Shawdesh desk:
Automation in the readymade garment sector has resulted in a 30.58 per cent reduction in workers across production processes, with helpers bearing the brunt of the impact.
According to a recent study, the increase in adoption of automation in RMG factories is reshaping the workforce, presenting both opportunities and challenges.
The study was jointly conducted by Solidaridad Bangladesh, Bangladesh Labour Foundation and BRAC University.
Among production processes, the cutting sections saw the largest decrease in workforce, with a 48.34 per cent reduction, while the sewing process recorded a 26.57 per cent decline.
The study titled ‘Assessment of technological transition in apparel sector of Bangladesh and its impact on the workers’ showed that sweater factories experienced the steepest reduction, with a 37.03 per cent drop in workforce per production line, followed by woven factories with a 27.23 per cent decline.
The report mentioned that the automation posed significant challenges to women, older workers, those with lower literacy levels, unskilled labourers, and individuals with low confidence.
From the gender context, women workers were more vulnerable due to lack of technical skill and 62 per cent workers said that women were replaced either being reassigned to different roles or, in some cases, fired, the report said.
BRAC University Economics and Social Science department professor Shahidur Rahman shared the study findings at an event held on Sunday at Hotel Amari in the city.
BLF executive director AKM Ashraf Uddin, Solidaridad Bangladesh country director Selim Reza Hasan, National Coordination Committee for Workers Education chairman Badal Khan and labour reform commission chairman Syed Sultan Uddin Ahmed, among others, spoke at the event.
Out of 10 stages of production from spinning to shipment, only three phases — spinning, dying and finished fabric preparation — are fully automated, Shahidur said while presenting the findings.
He said the advanced level of automation was not found in the manufacturing stage while the sewing section was found semi-automated where the majority of workers are employed.
Beyond production stage, automation has taken place in the system and data management, the study mentioned.
The study also found that data automation enabled manufacturers to track production metrics, energy usage, and maintenance schedules in real time, supported Just-In-Time operations, and reduced waste.
It revealed that automation has increased factory efficiency from 3 per cent to 5 per cent and reduced labour requirements and costs.
For instance, fabric spreading now requires only one worker instead of seven, saving $1,020 in labour costs.
According to the report, automation also boosted productivity per hour from 90 to 140 and eliminated product rejection rates, which previously stood at 10 per cent, through the use of advanced machinery like the back moon machine for knitted polo shirts.
However, it raised production targets by 64.21 per cent, leading to increased pressure on workers.
Labour secretary AHM Shafiquzzaman said that automation was inevitable, with the challenge how to address its impacts.
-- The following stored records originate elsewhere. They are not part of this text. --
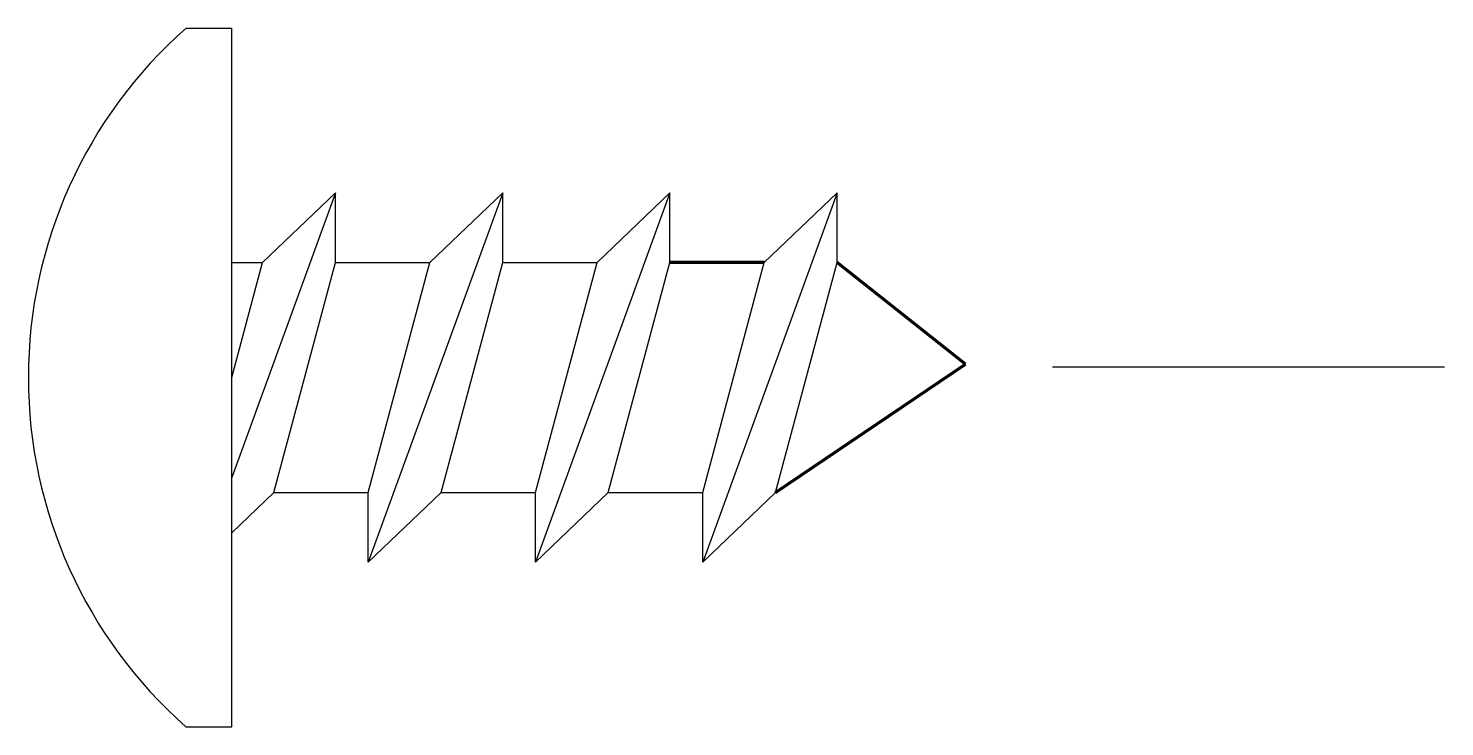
# Model space of a CAD drawing. Header units: centimetres. Extents: x 238 to 3379, y 203 to 1268.
# Drawn here: x 1802.571 to 1805.501, y 534.919 to 536.362 of the extents above; entities that cross this region are included whole.
import ezdxf

# ---------------------------------------------------------------- set-up
doc = ezdxf.new("R2010")
doc.units = ezdxf.units.CM
doc.header["$MEASUREMENT"] = 0
doc.layers.add('viti e cerniere', color=3, linetype='Continuous')

msp = doc.modelspace()

# ---------------------------------------------------------------- linework, layer by layer
at = {"layer": 'viti e cerniere'}
for p, q in [((1802.992, 535.8778), (1803.0556, 535.8778)), ((1803.2063, 535.8778), (1803.4015, 535.8778)), ((1803.5522, 535.8778), (1803.7473, 535.8778)), ((1804.6894, 535.6624), (1805.5006, 535.6624)), ((1803.079, 535.4027), (1803.2742, 535.4027)), ((1803.4248, 535.4027), (1803.62, 535.4027)), ((1803.7707, 535.4027), (1803.9659, 535.4027))]:
    msp.add_line(p, q, dxfattribs=at)
at = {"layer": 'viti e cerniere', "linetype": 'ByBlock', "lineweight": 100}
for p, q in [((1804.0932, 535.8778), (1803.898, 535.8778)), ((1804.5097, 535.668), (1804.2438, 535.8778)), ((1804.1165, 535.4027), (1804.5097, 535.668))]:
    msp.add_line(p, q, dxfattribs=at)
at = {"layer": 'viti e cerniere'}
msp.add_lwpolyline([(1802.992, 536.3619), (1802.8968, 536.3619, 0.451416), (1802.8968, 534.9185), (1802.992, 534.9185)], format="xyb", close=True, dxfattribs=at)
for points in [[(1802.992, 535.3193), (1803.079, 535.4027), (1803.2063, 535.8778), (1803.2063, 536.0221), (1802.992, 535.4332)], [(1802.992, 535.6402), (1803.0556, 535.8778), (1803.2063, 536.0221)], [(1803.2742, 535.2583), (1803.4248, 535.4027), (1803.5522, 535.8778), (1803.5522, 536.0221), (1803.2742, 535.2583), (1803.2742, 535.4027), (1803.4015, 535.8778), (1803.5522, 536.0221)], [(1803.62, 535.2583), (1803.7707, 535.4027), (1803.898, 535.8778), (1803.898, 536.0221), (1803.62, 535.2583), (1803.62, 535.4027), (1803.7473, 535.8778), (1803.898, 536.0221)], [(1803.9659, 535.2583), (1804.1165, 535.4027), (1804.2438, 535.8778), (1804.2438, 536.0221), (1803.9659, 535.2583), (1803.9659, 535.4027), (1804.0932, 535.8778), (1804.2438, 536.0221)]]:
    msp.add_lwpolyline(points, dxfattribs=at)

doc.saveas('drawing.dxf')

He underscored the urgent need for skill development aligned with industry demands.
Bangladesh Garment Manufacturers and Exporters Association support committee member Miran Ali acknowledged that the wages of garment workers in Bangladesh was low but the input cost in the country was higher.
Inefficiencies in areas such as customs delays, complexities in raw material imports, and logistical challenges are increasing pressure on workers, he said.